Heute ist Reformationsfest. Martin Luther wandte sich damals besonders gegen den Ablasshandel. Der Gedanke, dass jemand egal wie er sonst lebt, sich einfach für Geld Gottes Vergebung sichern könne, war für Martin Luther sehr fragwürdig.

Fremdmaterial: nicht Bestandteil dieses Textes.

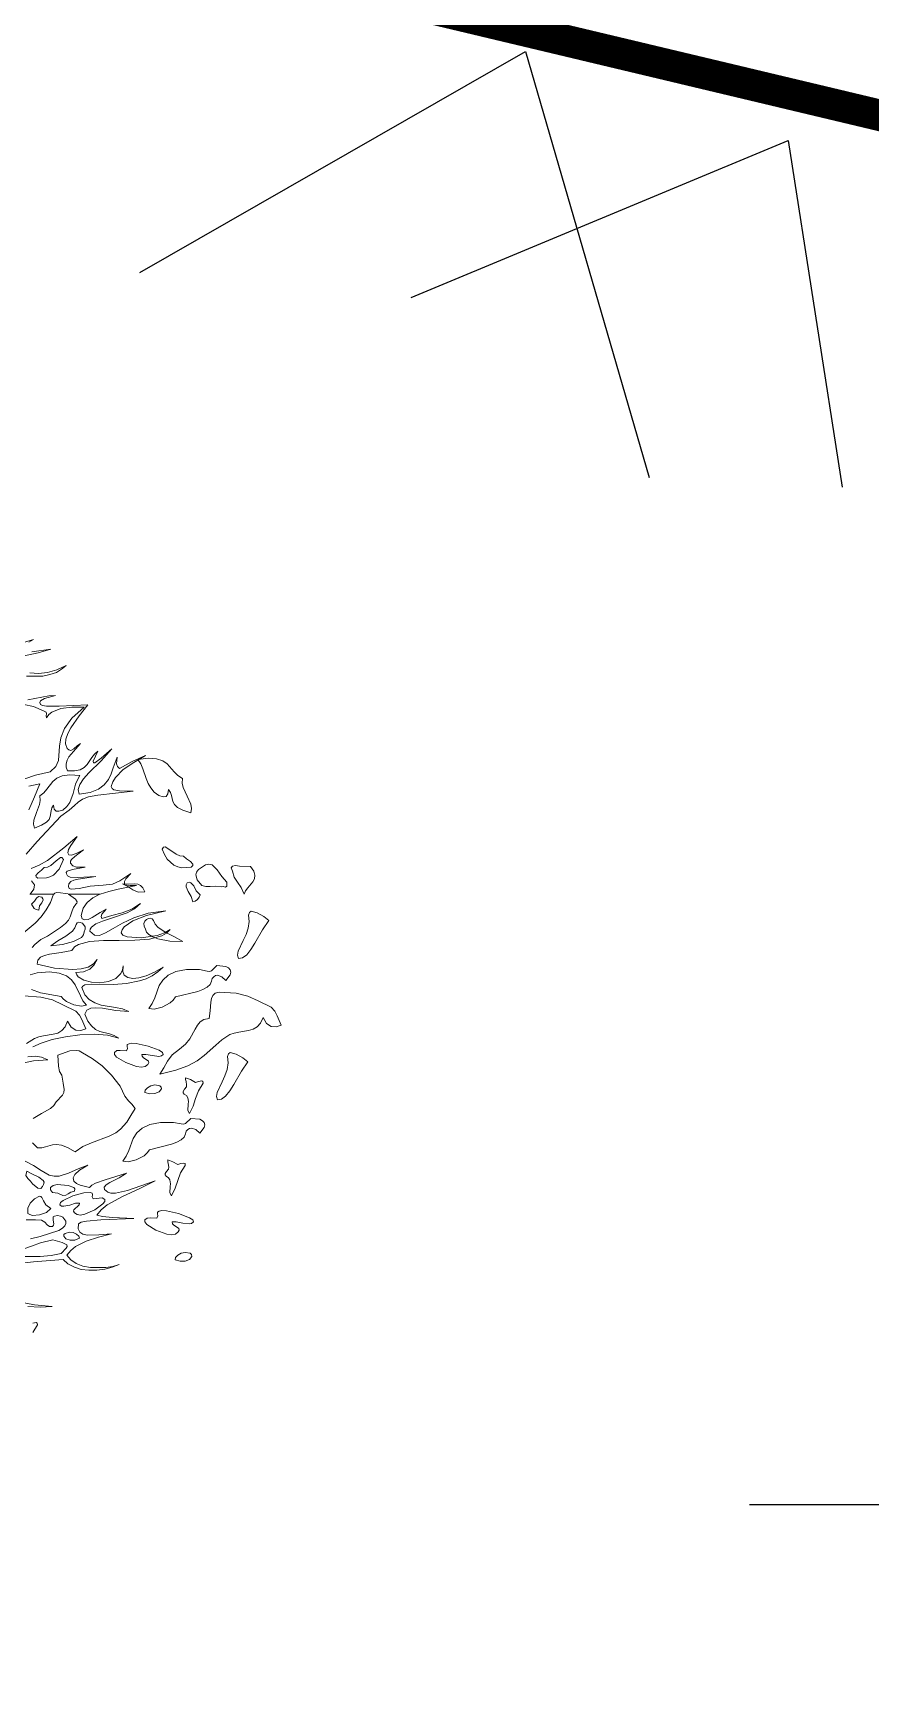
# Model space of a CAD drawing. Header units: inches. Extents: x -8940 to 26362, y -28010 to 990.
# Drawn here: x 4349.233 to 4351.323, y -7371.542 to -7367.418 of the extents above; entities that cross this region are included whole.
import ezdxf

# ---------------------------------------------------------------- set-up
doc = ezdxf.new("R2010")
doc.units = ezdxf.units.IN
doc.header["$MEASUREMENT"] = 0
doc.layers.add('BUILDING', color=5, linetype='Continuous', lineweight=15)
doc.layers.add('TREE', color=3, linetype='Continuous', lineweight=15)
doc.layers.add('Text', color=7, linetype='Continuous')

# ---------------------------------------------------------------- blocks, each defined once
blk = doc.blocks.new('tree2')
at = {"layer": 'TREE'}
for points in [[(5207.9229, 5947.7084), (5207.9396, 5947.714), (5207.958, 5947.7183), (5207.9935, 5947.7254), (5207.9814, 5947.7251), (5207.9704, 5947.7269), (5207.9701, 5947.7328), (5207.9725, 5947.7383), (5207.9821, 5947.7485), (5207.9611, 5947.7343), (5207.9467, 5947.7282), (5207.9288, 5947.726), (5207.9039, 5947.7238), (5207.8823, 5947.7195), (5207.8672, 5947.718), (5207.8629, 5947.7195), (5207.862, 5947.7235), (5207.8626, 5947.7288), (5207.8663, 5947.7328), (5207.8724, 5947.7355), (5207.8805, 5947.7377), (5207.9146, 5947.7429), (5207.8798, 5947.7408), (5207.865, 5947.7417), (5207.8601, 5947.7442), (5207.858, 5947.7479), (5207.8574, 5947.7506), (5207.8595, 5947.7531), (5207.8694, 5947.7562), (5207.8943, 5947.7611), (5207.8771, 5947.7611), (5207.87, 5947.7633), (5207.8654, 5947.7685), (5207.8657, 5947.7722), (5207.8675, 5947.7756), (5207.8743, 5947.7817), (5207.8906, 5947.7941), (5207.8768, 5947.787), (5207.8675, 5947.7839), (5207.8623, 5947.7848), (5207.8607, 5947.7885), (5207.862, 5947.7947), (5207.866, 5947.8024), (5207.8786, 5947.8199), (5207.8527, 5947.7981), (5207.8213, 5947.774), (5207.8053, 5947.7645), (5207.7896, 5947.7583)], [(5207.7801, 5947.7861), (5207.8013, 5947.8104), (5207.8472, 5947.8593), (5207.8629, 5947.871), (5207.8731, 5947.88), (5207.8808, 5947.8867), (5207.8888, 5947.8923), (5207.9005, 5947.8966), (5207.9186, 5947.9003), (5207.9867, 5947.9077), (5207.9605, 5947.9083), (5207.9494, 5947.9101), (5207.946, 5947.9129), (5207.9445, 5947.9169), (5207.9473, 5947.9259), (5207.9525, 5947.9342), (5207.9676, 5947.9496), (5207.9879, 5947.9634), (5208.011, 5947.977), (5207.9848, 5947.965), (5207.9605, 5947.952), (5207.9565, 5947.9557), (5207.9547, 5947.9606), (5207.9562, 5947.9736), (5207.9485, 5947.953), (5207.9445, 5947.9416), (5207.939, 5947.9305), (5207.931, 5947.92), (5207.9196, 5947.9114), (5207.9039, 5947.9052), (5207.8826, 5947.9018), (5207.8805, 5947.9108), (5207.8838, 5947.9206), (5207.8909, 5947.9314), (5207.9011, 5947.9431), (5207.9248, 5947.9668), (5207.9454, 5947.9899), (5207.9251, 5947.9714), (5207.9125, 5947.9625), (5207.91, 5947.9625), (5207.9097, 5947.9659), (5207.9183, 5947.9853), (5207.9119, 5947.9797), (5207.9069, 5947.9733), (5207.8977, 5947.9594), (5207.8918, 5947.9536), (5207.8841, 5947.9493), (5207.8737, 5947.9471), (5207.8601, 5947.9474), (5207.857, 5947.9542), (5207.857, 5947.961), (5207.8589, 5947.9677), (5207.8626, 5947.9742), (5207.8851, 5947.9998), (5207.8786, 5947.9954), (5207.8724, 5947.9899), (5207.866, 5947.9868), (5207.8626, 5947.9877), (5207.8592, 5947.9905), (5207.8561, 5947.9991), (5207.8567, 5948.0087), (5207.8604, 5948.0192), (5207.8663, 5948.0305), (5207.8823, 5948.0533), (5207.8992, 5948.0746), (5207.8435, 5948.0721), (5207.8195, 5948.0721), (5207.8115, 5948.0733), (5207.8078, 5948.0755), (5207.8065, 5948.0795), (5207.8078, 5948.0826), (5207.8152, 5948.0869), (5207.8364, 5948.0927), (5207.8238, 5948.0921), (5207.8102, 5948.09), (5207.7831, 5948.0844)], [(5207.7804, 5948.1303), (5207.8124, 5948.1306), (5207.8259, 5948.1334), (5207.8383, 5948.1377), (5207.8484, 5948.1436), (5207.857, 5948.1509), (5207.8395, 5948.1426), (5207.8213, 5948.1377), (5207.8035, 5948.1358), (5207.7868, 5948.1365)], [(5207.7761, 5948.1694), (5207.8032, 5948.1756), (5207.8278, 5948.1823), (5207.7911, 5948.1774)], [(5207.785, 5948.1962), (5207.7942, 5948.2014), (5207.7748, 5948.1956)], [(5207.7754, 5948.0755), (5207.7939, 5948.0718), (5207.8133, 5948.0635), (5207.8185, 5948.061), (5207.8195, 5948.0573), (5207.8185, 5948.0536), (5207.8189, 5948.05), (5207.8235, 5948.0561), (5207.8296, 5948.061), (5207.8469, 5948.0675), (5207.8684, 5948.0706), (5207.8921, 5948.0706), (5207.8684, 5948.049), (5207.8543, 5948.029), (5207.8472, 5948.0108), (5207.8444, 5947.9948), (5207.8423, 5947.9671), (5207.8373, 5947.9557), (5207.8266, 5947.9453), (5207.7982, 5947.9391), (5207.7773, 5947.932)], [(5207.7899, 5947.7346), (5207.7958, 5947.7266), (5207.7945, 5947.718), (5207.7875, 5947.7084), (5207.8336, 5947.7084), (5207.8352, 5947.7106), (5207.8383, 5947.7115), (5207.8463, 5947.7112), (5207.8654, 5947.7084), (5207.9229, 5947.7084)], [(5208.0988, 5947.8657), (5208.0831, 5947.871), (5208.0726, 5947.8762), (5208.0668, 5947.882), (5208.0637, 5947.8876), (5208.0613, 5947.8996), (5208.0594, 5947.9051), (5208.0554, 5947.911), (5208.0542, 5947.9024), (5208.0508, 5947.8977), (5208.0452, 5947.8971), (5208.0369, 5947.8993), (5208.0274, 5947.9061), (5208.0209, 5947.9141), (5208.016, 5947.9227), (5208.0123, 5947.9322), (5208.0058, 5947.9513), (5208.0015, 5947.9606), (5207.9957, 5947.9689), (5208.0166, 5947.972), (5208.0323, 5947.9707), (5208.0443, 5947.9667), (5208.0529, 5947.9606), (5208.0665, 5947.9455), (5208.0736, 5947.9384), (5208.0822, 5947.9325), (5208.0819, 5947.9233), (5208.084, 5947.9147), (5208.0917, 5947.8984), (5208.0988, 5947.8827), (5208.1001, 5947.8743), (5208.0988, 5947.8657)], [(5207.8065, 5947.9222), (5207.7961, 5947.8969), (5207.785, 5947.872)], [(5207.785, 5947.9178), (5207.8065, 5947.9222)], [(5207.7958, 5947.8362), (5207.7939, 5947.8439), (5207.7945, 5947.8516), (5207.7998, 5947.8667), (5207.8059, 5947.8821), (5207.8072, 5947.8901), (5207.8065, 5947.8988), (5207.8139, 5947.9046), (5207.8201, 5947.9117), (5207.8315, 5947.9265), (5207.8392, 5947.9329), (5207.8497, 5947.9372), (5207.8641, 5947.9394), (5207.8838, 5947.9382), (5207.8789, 5947.9299), (5207.8755, 5947.9212), (5207.8706, 5947.9031), (5207.8641, 5947.8858), (5207.8586, 5947.8781), (5207.8506, 5947.8713), (5207.8429, 5947.8689), (5207.8376, 5947.8692), (5207.8343, 5947.8729), (5207.8327, 5947.8809), (5207.8293, 5947.8754), (5207.8281, 5947.8698), (5207.8266, 5947.8587), (5207.8241, 5947.8532), (5207.8189, 5947.8476), (5207.8096, 5947.8421), (5207.7958, 5947.8362)], [(5208.0994, 5947.7607), (5208.0813, 5947.7598), (5208.0733, 5947.7613), (5208.0659, 5947.7647), (5208.0529, 5947.7764), (5208.0477, 5947.785), (5208.0431, 5947.7958), (5208.0455, 5947.7998), (5208.0489, 5947.8004), (5208.0582, 5947.7943), (5208.0702, 5947.7857), (5208.077, 5947.7829), (5208.0844, 5947.7823), (5208.0902, 5947.777), (5208.0979, 5947.7718), (5208.1025, 5947.7666), (5208.1022, 5947.7638), (5208.0994, 5947.7607)], [(5207.8022, 5947.7396), (5207.7995, 5947.742), (5207.7988, 5947.7448), (5207.8028, 5947.7497), (5207.8093, 5947.7549), (5207.8149, 5947.7602), (5207.8213, 5947.7611), (5207.8275, 5947.7642), (5207.8376, 5947.7731), (5207.846, 5947.7793), (5207.849, 5947.7793), (5207.8518, 5947.7756), (5207.8438, 5947.7571), (5207.8327, 5947.7454), (5207.8259, 5947.742), (5207.8189, 5947.7399), (5207.8022, 5947.7396)], [(5208.1576, 5947.7225), (5208.1456, 5947.7241), (5208.1358, 5947.7235), (5208.1275, 5947.7235), (5208.1195, 5947.7256), (5208.1108, 5947.7361), (5208.1081, 5947.7462), (5208.1096, 5947.7512), (5208.1133, 5947.7561), (5208.1272, 5947.7653), (5208.1336, 5947.7669), (5208.1395, 5947.7653), (5208.1496, 5947.7558), (5208.1586, 5947.7429), (5208.1684, 5947.7318), (5208.1684, 5947.7241), (5208.1653, 5947.7222), (5208.161, 5947.7231), (5208.1576, 5947.7225)], [(5208.1789, 5947.753), (5208.1767, 5947.7592), (5208.1792, 5947.7629), (5208.1847, 5947.7641), (5208.1924, 5947.7629), (5208.214, 5947.7623), (5208.2205, 5947.7533), (5208.2226, 5947.7453), (5208.2217, 5947.7385), (5208.2183, 5947.7324), (5208.2087, 5947.721), (5208.2044, 5947.7151), (5208.202, 5947.7087), (5208.1961, 5947.7213), (5208.189, 5947.7315), (5208.1823, 5947.7413), (5208.1789, 5947.753)], [(5207.9664, 5947.7287), (5207.9778, 5947.7278), (5207.9901, 5947.7284), (5207.996, 5947.7278), (5208.0012, 5947.7253), (5208.0058, 5947.721), (5208.0092, 5947.7133), (5207.9969, 5947.7124), (5207.9864, 5947.717), (5207.9766, 5947.7235), (5207.9664, 5947.7287)], [(5208.0917, 5947.7302), (5208.0957, 5947.7318), (5208.0988, 5947.7308), (5208.1041, 5947.7244), (5208.109, 5947.7148), (5208.1164, 5947.7071), (5208.1145, 5947.7025), (5208.1114, 5947.6982), (5208.1071, 5947.6951), (5208.1025, 5947.6936), (5208.0991, 5947.7038), (5208.0936, 5947.7139), (5208.0896, 5947.7228), (5208.0896, 5947.7268), (5208.0917, 5947.7302)], [(5207.7828, 5946.9109), (5207.8069, 5946.9093), (5207.8299, 5946.9106), (5207.7958, 5946.914), (5207.7594, 5946.9208)], [(5207.7659, 5946.9937), (5207.7939, 5946.9974), (5207.8512, 5947.002), (5207.8607, 5946.9931), (5207.8731, 5946.9866), (5207.8866, 5946.9826), (5207.9014, 5946.9808), (5207.9168, 5946.9808), (5207.9319, 5946.9829), (5207.9463, 5946.987), (5207.9596, 5946.9922), (5207.9479, 5946.9882), (5207.934, 5946.986), (5207.9042, 5946.986), (5207.8897, 5946.9891), (5207.8768, 5946.9937), (5207.866, 5947.0008), (5207.8583, 5947.01), (5207.8663, 5947.0193), (5207.8752, 5947.0267), (5207.8962, 5947.0375), (5207.9196, 5947.0448), (5207.9451, 5947.0516), (5207.9202, 5947.0492), (5207.898, 5947.0485), (5207.8897, 5947.0507), (5207.8835, 5947.0547), (5207.8808, 5947.0609), (5207.8814, 5947.0704), (5207.8866, 5947.0738), (5207.8965, 5947.0759), (5207.9245, 5947.0784), (5207.9885, 5947.0809), (5207.9467, 5947.083), (5207.9279, 5947.0846), (5207.9165, 5947.0877), (5207.9251, 5947.0981), (5207.9368, 5947.1074), (5207.9661, 5947.1234), (5207.9987, 5947.1382), (5208.0295, 5947.1539), (5207.9759, 5947.1351), (5207.9525, 5947.1298), (5207.9436, 5947.1298), (5207.9377, 5947.1323), (5207.9316, 5947.1372), (5207.931, 5947.1418), (5207.935, 5947.1465), (5207.9417, 5947.1508), (5207.9596, 5947.16), (5207.9741, 5947.1689), (5207.9328, 5947.156), (5207.9143, 5947.1492), (5207.9072, 5947.1455), (5207.9023, 5947.1409), (5207.8845, 5947.1455), (5207.8771, 5947.1489), (5207.8721, 5947.1535), (5207.8706, 5947.1594), (5207.874, 5947.1662), (5207.8832, 5947.1745), (5207.8992, 5947.184), (5207.8805, 5947.177), (5207.862, 5947.1686), (5207.8435, 5947.1631), (5207.834, 5947.1628), (5207.8244, 5947.1649), (5207.8087, 5947.1739), (5207.7939, 5947.1834), (5207.7782, 5947.1917)], [(5207.7727, 5947.3814), (5207.7942, 5947.386), (5207.8216, 5947.3882), (5207.8093, 5947.3931), (5207.7985, 5947.395), (5207.7828, 5947.394)], [(5207.793, 5947.4135), (5207.8087, 5947.4205), (5207.8303, 5947.4273), (5207.8561, 5947.4328), (5207.8835, 5947.4365), (5207.9112, 5947.4378), (5207.9371, 5947.4359), (5207.9593, 5947.4301), (5207.9504, 5947.435), (5207.9411, 5947.4381), (5207.9226, 5947.443), (5207.914, 5947.447), (5207.906, 5947.4535), (5207.8989, 5947.463), (5207.8934, 5947.4766), (5207.8974, 5947.484), (5207.9048, 5947.488), (5207.9149, 5947.4889), (5207.9273, 5947.488), (5207.9537, 5947.4837), (5207.9784, 5947.4818), (5207.9661, 5947.4864), (5207.9525, 5947.4892), (5207.9251, 5947.4941), (5207.9128, 5947.4981), (5207.9017, 5947.5046), (5207.8931, 5947.5141), (5207.8875, 5947.528), (5207.8894, 5947.5308), (5207.8934, 5947.5329), (5207.9069, 5947.5342), (5207.9488, 5947.5339), (5207.9738, 5947.5357), (5207.9993, 5947.5406), (5208.0119, 5947.5449), (5208.0236, 5947.5508), (5208.0347, 5947.5582), (5208.0449, 5947.5674), (5208.0279, 5947.5579), (5208.0122, 5947.5508), (5207.9981, 5947.5468), (5207.9861, 5947.5455), (5207.9765, 5947.5471), (5207.9698, 5947.5517), (5207.9667, 5947.5591), (5207.9673, 5947.5696), (5207.9661, 5947.5619), (5207.9633, 5947.5551), (5207.9531, 5947.5452), (5207.939, 5947.5394), (5207.9226, 5947.5372), (5207.9063, 5947.5385), (5207.8915, 5947.5422), (5207.8808, 5947.5486), (5207.8777, 5947.5526), (5207.8761, 5947.5573), (5207.8909, 5947.5585), (5207.9029, 5947.5637), (5207.9115, 5947.572), (5207.9174, 5947.5822), (5207.9103, 5947.5736), (5207.8998, 5947.5674), (5207.886, 5947.564), (5207.87, 5947.5628), (5207.8349, 5947.5653), (5207.8013, 5947.573), (5207.8025, 5947.581), (5207.8078, 5947.5868), (5207.8155, 5947.5902), (5207.8253, 5947.5927), (5207.8478, 5947.5954), (5207.8681, 5947.5998), (5207.8734, 5947.6065), (5207.8814, 5947.6114), (5207.9026, 5947.6173), (5207.9297, 5947.6191), (5207.9599, 5947.6191), (5207.9904, 5947.6195), (5208.0187, 5947.6216), (5208.0424, 5947.6281), (5208.0514, 5947.6333), (5208.0584, 5947.6404), (5208.0474, 5947.6336), (5208.0332, 5947.6287), (5208.0021, 5947.6241), (5207.9756, 5947.6262), (5207.967, 5947.6293), (5207.9639, 5947.6339), (5207.9654, 5947.6398), (5207.9698, 5947.6453), (5207.9861, 5947.6567), (5208.0129, 5947.6675), (5208.0501, 5947.6764), (5208.0162, 5947.6715), (5207.9885, 5947.6629), (5207.9661, 5947.6524), (5207.9482, 5947.6422), (5207.9337, 5947.6336), (5207.922, 5947.6287), (5207.9122, 5947.629), (5207.9032, 5947.6367), (5207.9039, 5947.641), (5207.9063, 5947.6447), (5207.9149, 5947.6512), (5207.9276, 5947.6564), (5207.943, 5947.6613), (5207.9753, 5947.6727), (5207.9898, 5947.6804), (5208.0012, 5947.6903), (5207.9845, 5947.6798), (5207.9654, 5947.6727), (5207.9454, 5947.6675), (5207.926, 5947.6613), (5207.9248, 5947.6653), (5207.9263, 5947.67), (5207.9346, 5947.6795), (5207.9229, 5947.6733), (5207.9075, 5947.6635), (5207.8998, 5947.6598), (5207.8934, 5947.6586), (5207.8885, 5947.6607), (5207.886, 5947.6672), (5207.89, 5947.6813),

Hier ist eine Anekdote aus der Reformationszeit (frei aus meinem Gedächtnis):

Ein Straßenräuber kam zu einem Ablasshändler. Er wollte sich Vergebung für einige seiner Raubzüge erkaufen. Schließlich fragte er, ob er denn auch göttlichen Straferlass für Sünden, die er erst noch begehen wolle, kaufen könne. Auch dafür bekam er einen Erlassbrief.

Kurz darauf überfiel der Straßenräuber eben diesen Ablasshändler. Er nahm ihm viel Geld ab. Als der Ablasshändler sich darüber empörte, zeigte der Räuber ihm den Ablass, den er für böse Dinge, die er erst noch tun wollte, erworben hatte.

Vielleicht ist diese Geschichte aus einem alten Reformationsbuch ein überspitzte Darstellung der damaligen Verhältnisse. Vielleicht auch nicht.

Diese Anekdote macht deutlich worum es damals ging. Der Gedanke, dass man Gottes Gunst und Vergebung kaufen könne, untergräbt die Ehrfurcht vor Gottes Geboten. Zudem hätten Reiche bei Gott erhebliche Vorteile.

Wir erwarten von Politikern und Beamten, dass sie nicht bestechlich sind. „Du gibst mir eine große Spende und ich setzte mich für deine privaten Interessen ein, obwohl ich den Auftrag habe zum Wohl des ganzen Volkes zu handeln.“

Hier die erste These Martin Luthers:

„Da unser Herr und Meister Jesus Christus spricht: Tut Busse etc., will er, dass das ganze Leben seiner Gläubigen auf Erden eine (stete) Busse sei.“

Also im Klartext: Wir sollen es mit dem Glauben ernst nehmen. Wir sollen unsere Leben von Herzen nach Gottes Worten ausrichten. Es genügt nicht, wenn wir ab und zu uns als fromm ausgeben, uns aber sonst ganz anders – gegenteilig – verhalten.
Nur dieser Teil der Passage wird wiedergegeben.